PRs to improve Counter welcome!

JelleZijlstra commented 4 years ago

Some previous discussion in python/mypy#4032

Jongy commented 4 years ago

Hi, I arrived here from https://github.com/python/mypy/issues/4032. I'm trying to use Counter with floats, and mypy gives me Incompatible types in assignment since it expects ints.

Are we in a discussion about whether the standard library's Counter was ever meant to be used with non-integers (the answer is not obvious to me) or we need to update Counter in collections.pyi to support non-integers (for example, like suggested https://github.com/python/mypy/issues/4032#issuecomment-333158323)

JukkaL commented 4 years ago

Note that changes to Counter typing may break existing annotations. There will likely be a tradeoff between allowing more flexibility and retaining compatibility with existing annotations.

srittau commented 4 years ago

This is a good example, where defaults for type vars (python/typing#307) would come in handy.

qwarkys commented 2 years ago

Have there been any changes in this or any suggested work-arounds? I'm using Counter with floats and need Counter.total(). Something like defaultdict won't help: "defaultdict[str, float]" has no attribute "total"

AlexWaygood commented 2 years ago

Have there been any changes in this or any suggested work-arounds?

Feel free to file a PR to see what mypy_primer says in our CI, but as Jukka says, I think it's likely that changing the stubs for Counter at this point would break a lot of existing type annotations. So there's probably not much we can do here.

I'm using Counter with floats and need Counter.total(). Something like defaultdict won't help: "defaultdict[str, float]" has no attribute "total"

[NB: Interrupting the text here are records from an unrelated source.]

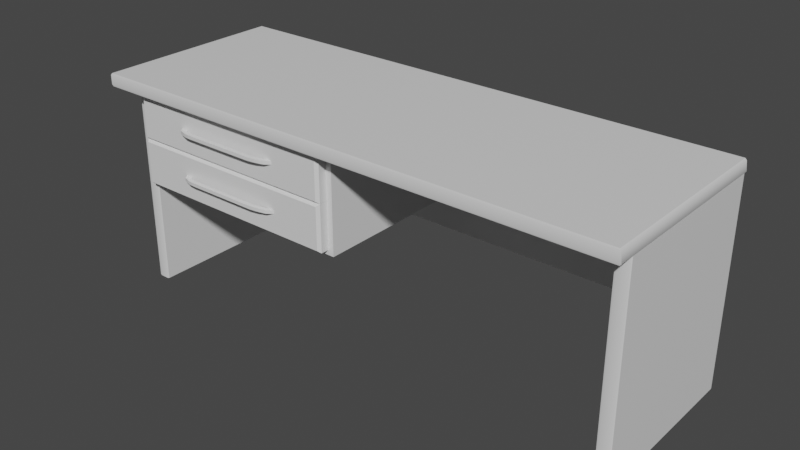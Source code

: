 # Source: Desk.blend  (saved by Blender 2.80.75; exported with 4.5.12 LTS)
import bpy
from mathutils import Matrix  # noqa: F401  (used for matrix-valued properties, if any)

bpy.ops.wm.read_factory_settings(use_empty=True)
scene = bpy.context.scene
scene.name = 'Scene'

# ---- collections
col_collection = bpy.data.collections.new('Collection'); scene.collection.children.link(col_collection)

# ---- materials (node trees are filled in below, after node groups)
mat_1 = bpy.data.materials.new('1')
mat_1.alpha_threshold = 0.0
mat_1.use_transparent_shadow = False
mat_1.line_color = (0.0, 0.0, 0.0, 1.0)
mat_2 = bpy.data.materials.new('2')
mat_2.use_transparent_shadow = False
mat_3 = bpy.data.materials.new('3')
mat_3.use_transparent_shadow = False

# ---- node groups
ng_auto_smooth = bpy.data.node_groups.new('Auto Smooth', 'GeometryNodeTree')
_s = ng_auto_smooth.interface.new_socket(name='Geometry', in_out='OUTPUT', socket_type='NodeSocketGeometry')
_s = ng_auto_smooth.interface.new_socket(name='Geometry', in_out='INPUT', socket_type='NodeSocketGeometry')
_s = ng_auto_smooth.interface.new_socket(name='Angle', in_out='INPUT', socket_type='NodeSocketFloat')
_s.subtype = 'ANGLE'
_s.min_value = 0.0
_s.max_value = 3.142
ng_auto_smooth.is_modifier = True
_N = ng_auto_smooth.nodes; _L = ng_auto_smooth.links
n0 = _N.new('NodeGroupOutput'); n0.name = 'Group Output'; n0.location = (480, -100)
n1 = _N.new('NodeGroupInput'); n1.name = 'Group Input'; n1.location = (-420, -300)
n2 = _N.new('NodeGroupInput'); n2.name = 'Group Input.001'; n2.location = (-60, -100)
n3 = _N.new('GeometryNodeSetShadeSmooth'); n3.name = 'Set Shade Smooth'; n3.location = (120, -100)
n3.domain = 'EDGE'
n4 = _N.new('GeometryNodeSetShadeSmooth'); n4.name = 'Set Shade Smooth.001'; n4.location = (300, -100)
n5 = _N.new('GeometryNodeInputMeshEdgeAngle'); n5.name = 'Edge Angle'; n5.location = (-420, -220)
n6 = _N.new('GeometryNodeInputEdgeSmooth'); n6.name = 'Is Edge Smooth'; n6.location = (-60, -160)
n7 = _N.new('GeometryNodeInputShadeSmooth'); n7.name = 'Is Face Smooth'; n7.location = (-240, -340)
n8 = _N.new('FunctionNodeBooleanMath'); n8.name = 'Boolean Math'; n8.location = (-60, -220)
n9 = _N.new('FunctionNodeCompare'); n9.name = 'Compare'; n9.location = (-240, -180)
n9.operation = 'LESS_EQUAL'
_L.new(n5.outputs[0], n9.inputs[0])
_L.new(n4.outputs[0], n0.inputs[0])
_L.new(n1.outputs[1], n9.inputs[1])
_L.new(n9.outputs[0], n8.inputs[0])
_L.new(n7.outputs[0], n8.inputs[1])
_L.new(n2.outputs[0], n3.inputs[0])
_L.new(n6.outputs[0], n3.inputs[1])
_L.new(n3.outputs[0], n4.inputs[0])
_L.new(n8.outputs[0], n3.inputs[2])
n0.is_active_output = True

# ---- material node trees
mat_1.use_nodes = True; mat_1.node_tree.nodes.clear()
_N = mat_1.node_tree.nodes; _L = mat_1.node_tree.links
n0 = _N.new('ShaderNodeOutputMaterial'); n0.name = 'Material Output'; n0.location = (300, 300)
n1 = _N.new('ShaderNodeBsdfPrincipled'); n1.name = 'Principled BSDF'; n1.location = (10, 300)
n1.distribution = 'GGX'
n1.subsurface_method = 'BURLEY'
n1.inputs[2].default_value = 0.4
n1.inputs[3].default_value = 1.45
n1.inputs[27].default_value = (0.0, 0.0, 0.0, 1.0)
n1.inputs[28].default_value = 1.0
_L.new(n1.outputs[0], n0.inputs[0])
n0.is_active_output = True
mat_2.use_nodes = True; mat_2.node_tree.nodes.clear()
_N = mat_2.node_tree.nodes; _L = mat_2.node_tree.links
n0 = _N.new('ShaderNodeOutputMaterial'); n0.name = 'Material Output'; n0.location = (300, 300)
n1 = _N.new('ShaderNodeBsdfPrincipled'); n1.name = 'Principled BSDF'; n1.location = (10, 300)
n1.distribution = 'GGX'
n1.subsurface_method = 'BURLEY'
n1.inputs[3].default_value = 1.45
n1.inputs[27].default_value = (0.0, 0.0, 0.0, 1.0)
n1.inputs[28].default_value = 1.0
_L.new(n1.outputs[0], n0.inputs[0])
n0.is_active_output = True
mat_3.use_nodes = True; mat_3.node_tree.nodes.clear()
_N = mat_3.node_tree.nodes; _L = mat_3.node_tree.links
n0 = _N.new('ShaderNodeOutputMaterial'); n0.name = 'Material Output'; n0.location = (300, 300)
n1 = _N.new('ShaderNodeBsdfPrincipled'); n1.name = 'Principled BSDF'; n1.location = (10, 300)
n1.distribution = 'GGX'
n1.subsurface_method = 'BURLEY'
n1.inputs[3].default_value = 1.45
n1.inputs[27].default_value = (0.0, 0.0, 0.0, 1.0)
n1.inputs[28].default_value = 1.0
_L.new(n1.outputs[0], n0.inputs[0])
n0.is_active_output = True

# ---- world
world_world = bpy.data.worlds.new('World'); scene.world = world_world
world_world.use_nodes = True; world_world.node_tree.nodes.clear()
_N = world_world.node_tree.nodes; _L = world_world.node_tree.links
n0 = _N.new('ShaderNodeOutputWorld'); n0.name = 'World Output'; n0.location = (300, 300)
n1 = _N.new('ShaderNodeBackground'); n1.name = 'Background'; n1.location = (10, 300)
n1.inputs[0].default_value = (0.05088, 0.05088, 0.05088, 1.0)
_L.new(n1.outputs[0], n0.inputs[0])
n0.is_active_output = True
world_world.color = (0.05088, 0.05088, 0.05088)
world_world.use_sun_shadow = False
world_world.sun_shadow_jitter_overblur = 0.0

# ---- meshes
me_cube = bpy.data.meshes.new('Cube')
me_cube.from_pydata([(1.0, 1.0, 1.0), (1.004, 1.0, -1.0), (1.0, -1.0, 1.0), (1.004, -1.0, -1.0), (-1.0, 1.0, 1.0), (-1.0, 1.0, -1.0), (-1.0, -1.0, 1.0), (-1.0, -1.0, -1.0), (-1.005, 1.005, -0.7043), (-1.005, -1.005, -0.7043), (1.009, 1.005, -0.7043), (1.005, 1.005, 0.7043), (-1.005, -1.005, 0.7043), (1.005, -1.005, 0.7043), (1.009, -1.005, -0.7043), (-1.005, 1.005, 0.7043), (-0.8926, -0.8002, -16.38), (-0.8926, -0.8002, -0.9035), (-0.8926, 0.9984, -16.38), (-0.03572, -0.8002, -16.38), (-0.03572, -0.8002, -0.9035), (-0.03572, 0.9984, -16.38), (-0.03572, 0.9984, -0.9035), (-0.8926, -0.8002, -15.6), (-0.8926, -0.8002, -0.9035), (-0.05795, -0.8002, -0.9361), (-0.05795, -0.8002, -15.6), (-0.8926, 0.6854, -15.6), (-0.8926, 0.6854, -0.9035), (-0.05795, 0.6854, -0.9361), (-0.05795, 0.6854, -15.6)], [], [(0, 4, 6, 2), (2, 6, 12, 13), (7, 3, 14, 9), (5, 1, 3, 7), (4, 0, 11, 15), (1, 5, 8, 10), (14, 13, 12, 9), (9, 12, 15, 8), (10, 11, 13, 14), (8, 15, 11, 10), (3, 1, 10, 14), (5, 7, 9, 8), (6, 4, 15, 12), (0, 2, 13, 11), (21, 22, 20, 19), (17, 16, 23, 24), (18, 21, 19, 16), (23, 26, 30, 27), (16, 19, 26, 23), (20, 17, 24, 25), (19, 20, 25, 26), (30, 29, 28, 27), (25, 24, 28, 29), (26, 25, 29, 30)])
me_cube.polygons.foreach_set('use_smooth', [True] * 24)
_uv = me_cube.uv_layers.new(name='UVMap')
_uv.uv.foreach_set('vector', [0.995, 0.3544, 0.0336, 0.3544, 0.0336, 0.01053, 0.995, 0.01053, 0.00884, 0.9923, 0.007525, 0.01426, 0.01101, 0.01174, 0.01233, 0.9948, 0.03109, 0.01422, 0.03241, 0.9941, 0.02893, 0.9966, 0.0276, 0.01171, 0.0336, 0.3544, 0.9968, 0.3544, 0.9968, 0.01053, 0.0336, 0.01053, 0.007525, 0.01426, 0.00884, 0.9923, 0.01233, 0.9948, 0.01101, 0.01174, 0.03241, 0.9941, 0.03109, 0.01422, 0.0276, 0.01171, 0.02893, 0.9966, 0.02893, 0.9966, 0.01233, 0.9948, 0.01101, 0.01174, 0.0276, 0.01171, 0.04198, 0.5689, 0.04198, 0.6139, 0.995, 0.6139, 0.995, 0.5689, 0.995, 0.5689, 0.995, 0.6139, 0.04198, 0.6139, 0.04198, 0.5689, 0.0276, 0.01171, 0.01101, 0.01174, 0.01233, 0.9948, 0.02893, 0.9966, 0.04442, 0.5594, 0.9926, 0.5594, 0.995, 0.5689, 0.04198, 0.5689, 0.9926, 0.5594, 0.04442, 0.5594, 0.04198, 0.5689, 0.995, 0.5689, 0.04442, 0.6233, 0.9926, 0.6233, 0.995, 0.6139, 0.04198, 0.6139, 0.9926, 0.6233, 0.04442, 0.6233, 0.04198, 0.6139, 0.995, 0.6139, 0.8154, 0.3575, 0.8154, 0.5526, 0.479, 0.5526, 0.479, 0.3575, 0.02249, 0.002347, 0.02249, 0.002347, 0.02249, 0.002347, 0.02249, 0.002347, 0.5644, 0.9569, 0.9911, 0.9569, 0.9911, 0.6366, 0.5644, 0.6366, 0.07734, 0.6606, 0.5458, 0.6606, 0.5458, 0.9588, 0.07734, 0.9588, 0.6732, 0.9866, 0.04416, 0.9863, 0.06049, 0.9725, 0.6732, 0.9728, 0.4717, 3.85e-09, 0.5513, 0.0, 0.5513, 0.0, 0.4738, 0.002104, 0.04416, 0.9863, 0.04431, 0.7124, 0.06064, 0.713, 0.06049, 0.9725, 0.1452, 0.5574, 0.06037, 0.5574, 0.05997, 0.3571, 0.145, 0.357, 0.9926, 0.5543, 0.8348, 0.5543, 0.8348, 0.3589, 0.9926, 0.3589, 0.1846, 0.3619, 0.1846, 0.5515, 0.4697, 0.5515, 0.4697, 0.3619])
me_cube.materials.append(mat_1)
me_cube.use_remesh_preserve_volume = False
me_cube.use_remesh_preserve_attributes = False
me_cube.use_mirror_vertex_groups = False
me_cube.update()
me_cube_002 = bpy.data.meshes.new('Cube.002')
me_cube_002.from_pydata([(1.0, 1.0, 1.0), (1.0, 1.0, -1.0), (1.0, -0.8174, 1.0), (1.0, -0.8174, -1.0), (-1.0, 1.0, 1.0), (-1.0, 1.0, -1.0), (-1.0, -0.8174, 1.0), (-1.0, -0.8174, -1.0), (-1.005, 1.005, -0.7043), (-1.005, -0.8225, -0.7043), (1.005, 1.005, -0.7043), (1.005, 1.005, 0.7043), (-1.005, -0.8225, 0.7043), (1.005, -0.8225, 0.7043), (1.005, -0.8225, -0.7043), (-1.005, 1.005, 0.7043), (-0.9593, 0.8627, 79.33), (-0.9593, 1.005, 79.33), (0.335, 0.8627, 79.33), (0.335, 1.005, 79.33), (-0.9593, 0.8627, 0.06165), (-0.9593, 1.005, 0.06165), (0.335, 0.8627, 0.06164), (0.335, 1.005, 0.06164), (-0.9626, 0.9775, -0.1518), (0.3383, 0.9775, -0.1518), (-0.9626, 0.9775, 79.54), (-0.9626, 0.8826, 79.54), (0.3383, 0.8826, -0.1518), (0.3383, 0.8826, 79.54), (0.3383, 0.9775, 79.54), (-0.9626, 0.8826, -0.1518), (1.0, 1.0, 79.61), (1.0, 1.0, 77.61), (1.0, -0.8174, 79.61), (1.0, -0.8174, 77.61), (-1.0, 1.0, 79.61), (-1.0, 1.0, 77.61), (-1.0, -0.8174, 79.61), (-1.0, -0.8174, 77.61), (-1.005, 1.005, 77.9), (-1.005, -0.8225, 77.9), (1.005, 1.005, 77.9), (1.005, 1.005, 79.31), (-1.005, -0.8225, 79.31), (1.005, -0.8225, 79.31), (1.005, -0.8225, 77.9), (-1.005, 1.005, 79.31)], [], [(0, 4, 6, 2), (2, 6, 12, 13), (7, 3, 14, 9), (5, 1, 3, 7), (1, 5, 8, 10), (14, 13, 12, 9), (9, 12, 15, 8), (10, 11, 13, 14), (3, 1, 10, 14), (5, 7, 9, 8), (6, 4, 15, 12), (0, 2, 13, 11), (15, 4, 0, 11, 10, 8), (16, 20, 22, 18), (18, 22, 28, 29), (23, 19, 30, 25), (20, 16, 27, 31), (17, 21, 24, 26), (30, 29, 28, 25), (17, 19, 23, 21), (32, 36, 38, 34), (34, 38, 44, 45), (39, 35, 46, 41), (37, 33, 35, 39), (36, 32, 43, 47), (46, 45, 44, 41), (41, 44, 47, 40), (42, 43, 45, 46), (35, 33, 42, 46), (37, 39, 41, 40), (38, 36, 47, 44), (32, 34, 45, 43), (33, 37, 40, 47, 43, 42)])
me_cube_002.polygons.foreach_set('use_smooth', [True] * 33)
_uv = me_cube_002.uv_layers.new(name='UVMap')
_uv.uv.foreach_set('vector', [0.7672, 0.2774, 0.2666, 0.2774, 0.2666, 0.6942, 0.7672, 0.6942, 0.08371, 0.2813, 0.08371, 0.6958, 0.07992, 0.6968, 0.07992, 0.2802, 0.05812, 0.6958, 0.05812, 0.2813, 0.06191, 0.2802, 0.06191, 0.6968, 0.2666, 0.2774, 0.7672, 0.2774, 0.7672, 0.6942, 0.2666, 0.6942, 0.988, 0.5736, 0.988, 0.9606, 0.9845, 0.9616, 0.9845, 0.5726, 0.06191, 0.2802, 0.07992, 0.2802, 0.07992, 0.6968, 0.06191, 0.6968, 0.5303, 0.07939, 0.5303, 0.09706, 0.3177, 0.09706, 0.3177, 0.07939, 0.5504, 0.0968, 0.5504, 0.07913, 0.763, 0.07913, 0.763, 0.0968, 0.7624, 0.1005, 0.551, 0.1005, 0.5504, 0.0968, 0.763, 0.0968, 0.3183, 0.07568, 0.5297, 0.07568, 0.5303, 0.07939, 0.3177, 0.07939, 0.5297, 0.1008, 0.3183, 0.1008, 0.3177, 0.09706, 0.5303, 0.09706, 0.551, 0.07542, 0.7624, 0.07542, 0.763, 0.07913, 0.5504, 0.07913, 0.9677, 0.9616, 0.9641, 0.9606, 0.9641, 0.5736, 0.9677, 0.5726, 0.9845, 0.5726, 0.9845, 0.9616, 0.9865, 0.2713, 0.01067, 0.2713, 0.01067, 0.01316, 0.9865, 0.01316, 0.006479, 0.989, 0.006479, 0.3079, 0.008068, 0.306, 0.008068, 0.9908, 0.01779, 0.3079, 0.01779, 0.989, 0.01563, 0.9908, 0.01563, 0.306, 1.0, 0.002679, 1.0, 0.9973, 0.9977, 1.0, 0.9977, 0.0, 0.9977, 0.002679, 0.9977, 0.9973, 0.9945, 1.0, 0.9945, 0.0, 0.01563, 0.9908, 0.008068, 0.9908, 0.008068, 0.306, 0.01563, 0.306, 0.02855, 0.9527, 0.02855, 0.7022, 0.9753, 0.7022, 0.9753, 0.9527, 0.7672, 0.2774, 0.2666, 0.2774, 0.2666, 0.6942, 0.7672, 0.6942, 0.9468, 0.2798, 0.9468, 0.6899, 0.943, 0.691, 0.943, 0.2787, 0.9215, 0.6899, 0.9215, 0.2798, 0.9252, 0.2787, 0.9252, 0.691, 0.2666, 0.2774, 0.7672, 0.2774, 0.7672, 0.6942, 0.2666, 0.6942, 0.02522, 0.9606, 0.02522, 0.5736, 0.02875, 0.5726, 0.02875, 0.9616, 0.9252, 0.2787, 0.943, 0.2787, 0.943, 0.691, 0.9252, 0.691, 0.763, 0.02894, 0.763, 0.04661, 0.5504, 0.04661, 0.5504, 0.02894, 0.763, 0.05403, 0.763, 0.07171, 0.5504, 0.07171, 0.5504, 0.05403, 0.551, 0.05032, 0.7624, 0.05032, 0.763, 0.05403, 0.5504, 0.05403, 0.551, 0.02523, 0.7624, 0.02523, 0.763, 0.02894, 0.5504, 0.02894, 0.7624, 0.05032, 0.551, 0.05032, 0.5504, 0.04661, 0.763, 0.04661, 0.7624, 0.07542, 0.551, 0.07542, 0.5504, 0.07171, 0.763, 0.07171, 0.04911, 0.5736, 0.04911, 0.9606, 0.04558, 0.9616, 0.02875, 0.9616, 0.02875, 0.5726, 0.04558, 0.5726])
me_cube_002.materials.append(mat_2)
me_cube_002.use_remesh_preserve_volume = False
me_cube_002.use_remesh_preserve_attributes = False
me_cube_002.use_mirror_vertex_groups = False
me_cube_002.update()
me_cube_006 = bpy.data.meshes.new('Cube.006')
me_cube_006.from_pydata([(-1.991, -1.0, -1.0), (-1.991, -1.0, -0.04182), (-1.991, 1.579, -1.0), (-1.991, 1.579, -0.04182), (1.833, -1.0, -1.0), (1.833, -1.0, -0.04182), (1.833, 1.579, -1.0), (1.833, 1.579, -0.04182), (-1.948, -0.8547, -0.04182), (-1.948, 1.512, -0.04182), (1.79, 1.512, -0.04182), (1.79, -0.8547, -0.04182), (-1.948, -0.8547, -0.9643), (-1.948, 1.512, -0.9643), (1.79, 1.512, -0.9643), (1.79, -0.8547, -0.9643), (-1.964, -1.026, -0.9735), (-1.964, -1.026, -0.06828), (1.806, -1.026, -0.06828), (1.806, -1.026, -0.9735), (-1.945, -1.046, -0.9518), (-1.945, -1.046, -0.08997), (1.786, -1.046, -0.08997), (1.786, -1.046, -0.9518), (-1.039, -1.046, -0.5554), (-1.039, -1.046, -0.4864), (-0.9194, -1.046, -0.4864), (-0.9194, -1.046, -0.5554), (-0.9883, -1.122, -0.5554), (-0.9883, -1.122, -0.4864), (-0.8749, -1.085, -0.4864), (-0.8749, -1.085, -0.5554), (-0.85, -1.168, -0.5554), (-0.85, -1.168, -0.4864), (-0.8248, -1.099, -0.4864), (-0.8248, -1.099, -0.5554), (-0.7375, -1.175, -0.5554), (-0.7375, -1.175, -0.4864), (-0.7393, -1.107, -0.4864), (-0.7393, -1.107, -0.5554), (0.5241, -1.173, -0.5554), (0.5241, -1.173, -0.4864), (0.5241, -1.105, -0.4864), (0.5241, -1.105, -0.5554), (0.6795, -1.153, -0.5554), (0.6795, -1.153, -0.4864), (0.6642, -1.087, -0.4864), (0.6642, -1.087, -0.5554), (0.8212, -1.119, -0.5554), (0.8212, -1.119, -0.4864), (0.769, -1.064, -0.4864), (0.769, -1.064, -0.5554), (0.9224, -1.045, -0.5554), (0.9224, -1.045, -0.4864), (0.826, -1.045, -0.4864), (0.826, -1.045, -0.5554)], [], [(0, 1, 3, 2), (2, 3, 7, 6), (6, 7, 5, 4), (1, 0, 16, 17), (2, 6, 4, 0), (5, 7, 10, 11), (8, 11, 15, 12), (3, 1, 8, 9), (1, 5, 11, 8), (7, 3, 9, 10), (14, 13, 12, 15), (10, 9, 13, 14), (11, 10, 14, 15), (9, 8, 12, 13), (16, 19, 23, 20), (0, 4, 19, 16), (5, 1, 17, 18), (4, 5, 18, 19), (22, 21, 25, 26), (17, 16, 20, 21), (18, 17, 21, 22), (19, 18, 22, 23), (24, 27, 31, 28), (23, 22, 26, 27), (20, 23, 27, 24), (21, 20, 24, 25), (28, 31, 35, 32), (25, 24, 28, 29), (26, 25, 29, 30), (27, 26, 30, 31), (34, 33, 37, 38), (29, 28, 32, 33), (30, 29, 33, 34), (31, 30, 34, 35), (36, 39, 43, 40), (35, 34, 38, 39), (32, 35, 39, 36), (33, 32, 36, 37), (41, 40, 44, 45), (37, 36, 40, 41), (38, 37, 41, 42), (39, 38, 42, 43), (46, 45, 49, 50), (42, 41, 45, 46), (43, 42, 46, 47), (40, 43, 47, 44), (48, 51, 55, 52), (47, 46, 50, 51), (44, 47, 51, 48), (45, 44, 48, 49), (49, 48, 52, 53), (50, 49, 53, 54), (51, 50, 54, 55)])
me_cube_006.polygons.foreach_set('use_smooth', [True] * 53)
_uv = me_cube_006.uv_layers.new(name='UVMap')
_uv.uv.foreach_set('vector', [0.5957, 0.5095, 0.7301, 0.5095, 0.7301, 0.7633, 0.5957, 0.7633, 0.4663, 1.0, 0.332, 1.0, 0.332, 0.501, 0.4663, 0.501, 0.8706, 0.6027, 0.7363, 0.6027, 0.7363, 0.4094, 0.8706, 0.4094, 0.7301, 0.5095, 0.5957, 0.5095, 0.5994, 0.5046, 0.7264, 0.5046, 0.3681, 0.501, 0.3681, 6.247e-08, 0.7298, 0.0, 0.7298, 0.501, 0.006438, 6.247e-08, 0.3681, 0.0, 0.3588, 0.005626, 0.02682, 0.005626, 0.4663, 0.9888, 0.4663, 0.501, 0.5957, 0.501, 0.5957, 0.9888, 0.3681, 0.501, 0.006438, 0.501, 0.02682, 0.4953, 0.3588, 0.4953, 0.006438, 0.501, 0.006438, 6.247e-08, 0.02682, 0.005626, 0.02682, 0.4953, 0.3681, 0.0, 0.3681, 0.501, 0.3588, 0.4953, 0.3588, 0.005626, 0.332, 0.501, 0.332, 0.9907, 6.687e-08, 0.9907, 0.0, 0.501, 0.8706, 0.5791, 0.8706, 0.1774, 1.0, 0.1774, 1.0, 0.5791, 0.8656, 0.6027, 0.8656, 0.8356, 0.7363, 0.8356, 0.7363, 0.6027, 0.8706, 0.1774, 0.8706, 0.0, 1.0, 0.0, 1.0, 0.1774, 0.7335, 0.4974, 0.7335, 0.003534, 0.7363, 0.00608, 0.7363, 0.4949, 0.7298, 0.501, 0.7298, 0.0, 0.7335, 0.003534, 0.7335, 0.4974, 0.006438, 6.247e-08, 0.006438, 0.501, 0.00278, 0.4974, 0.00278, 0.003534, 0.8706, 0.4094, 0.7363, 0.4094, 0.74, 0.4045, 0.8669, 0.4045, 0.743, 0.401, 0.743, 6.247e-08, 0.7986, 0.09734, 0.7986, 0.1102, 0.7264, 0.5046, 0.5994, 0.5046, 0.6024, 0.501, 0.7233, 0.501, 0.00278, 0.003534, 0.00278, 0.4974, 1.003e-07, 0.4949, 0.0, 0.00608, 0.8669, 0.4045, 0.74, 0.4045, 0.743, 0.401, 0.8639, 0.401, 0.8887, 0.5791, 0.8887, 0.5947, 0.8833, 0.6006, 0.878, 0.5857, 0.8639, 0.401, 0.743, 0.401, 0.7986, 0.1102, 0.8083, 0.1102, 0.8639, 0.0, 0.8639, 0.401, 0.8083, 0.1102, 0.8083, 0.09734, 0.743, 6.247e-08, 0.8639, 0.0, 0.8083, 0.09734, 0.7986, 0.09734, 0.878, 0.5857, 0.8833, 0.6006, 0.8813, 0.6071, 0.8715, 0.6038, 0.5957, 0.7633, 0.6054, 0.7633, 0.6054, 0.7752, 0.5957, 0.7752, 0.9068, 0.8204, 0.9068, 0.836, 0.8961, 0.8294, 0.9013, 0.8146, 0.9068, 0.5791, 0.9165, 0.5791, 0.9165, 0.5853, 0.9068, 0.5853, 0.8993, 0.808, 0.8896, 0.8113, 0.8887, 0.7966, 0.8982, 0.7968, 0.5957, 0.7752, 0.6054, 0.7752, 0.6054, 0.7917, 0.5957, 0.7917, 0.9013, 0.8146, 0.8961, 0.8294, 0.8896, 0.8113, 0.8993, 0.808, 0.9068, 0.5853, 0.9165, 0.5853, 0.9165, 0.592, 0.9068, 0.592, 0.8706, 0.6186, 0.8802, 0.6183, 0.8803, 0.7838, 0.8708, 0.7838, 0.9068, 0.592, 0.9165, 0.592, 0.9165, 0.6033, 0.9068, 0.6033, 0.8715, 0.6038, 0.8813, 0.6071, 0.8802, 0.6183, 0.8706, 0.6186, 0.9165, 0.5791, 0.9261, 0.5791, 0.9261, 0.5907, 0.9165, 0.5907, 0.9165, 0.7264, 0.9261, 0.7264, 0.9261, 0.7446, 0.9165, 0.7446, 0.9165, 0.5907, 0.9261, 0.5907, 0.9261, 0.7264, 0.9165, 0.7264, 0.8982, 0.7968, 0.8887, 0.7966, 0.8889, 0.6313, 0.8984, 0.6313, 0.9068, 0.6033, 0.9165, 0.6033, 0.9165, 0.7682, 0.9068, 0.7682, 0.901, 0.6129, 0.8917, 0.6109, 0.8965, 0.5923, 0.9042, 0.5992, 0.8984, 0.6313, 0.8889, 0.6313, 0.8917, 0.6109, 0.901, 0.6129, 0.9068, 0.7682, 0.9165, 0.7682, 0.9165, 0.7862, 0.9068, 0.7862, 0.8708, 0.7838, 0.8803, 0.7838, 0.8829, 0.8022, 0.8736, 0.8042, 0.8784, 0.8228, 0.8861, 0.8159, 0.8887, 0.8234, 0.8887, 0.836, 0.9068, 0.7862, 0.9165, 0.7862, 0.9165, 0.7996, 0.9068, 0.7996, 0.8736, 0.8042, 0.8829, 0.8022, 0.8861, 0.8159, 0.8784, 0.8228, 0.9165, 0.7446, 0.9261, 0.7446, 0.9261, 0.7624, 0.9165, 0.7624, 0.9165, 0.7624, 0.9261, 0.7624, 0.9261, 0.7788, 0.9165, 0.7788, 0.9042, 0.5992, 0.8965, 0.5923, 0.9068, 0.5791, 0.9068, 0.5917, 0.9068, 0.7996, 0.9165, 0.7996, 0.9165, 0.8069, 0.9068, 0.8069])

You could just use Counter anyway, and type: ignore the errors away. But the runtime implementation for Counter.total() is actually extremely simple, so another option would be to just subclass defaultdict and add your own total() method:

class DefaultDictWithTotal(defaultdict):
    def total(self) -> float:
        'Sum of the counts'
        return sum(self.values())
qwarkys commented 2 years ago

Thanks.

FWIW, in order to pass mypy --strict I had to add 2 arguments:

class DefaultDictWithTotal(defaultdict[Any, Any]):
    def total(self) -> float:
        'Sum of the counts'
        return sum(self.values())

and then to use it: whatever = DefaultDictWithTotal(float)

srittau commented 2 years ago

I marked this as deferred for now, pending the implementation of type var defaults.

srittau commented 8 months ago

See #11422 for the type var generics feature tracker.

srittau commented 7 months ago

Type var defaults are now available.

max-muoto commented 2 months ago

@srittau I also opened up a PR for this, that I think covers some of the additional edge cases that weren't covered, but happy to close it if you prefer to simply implement them, or if you want to take a look.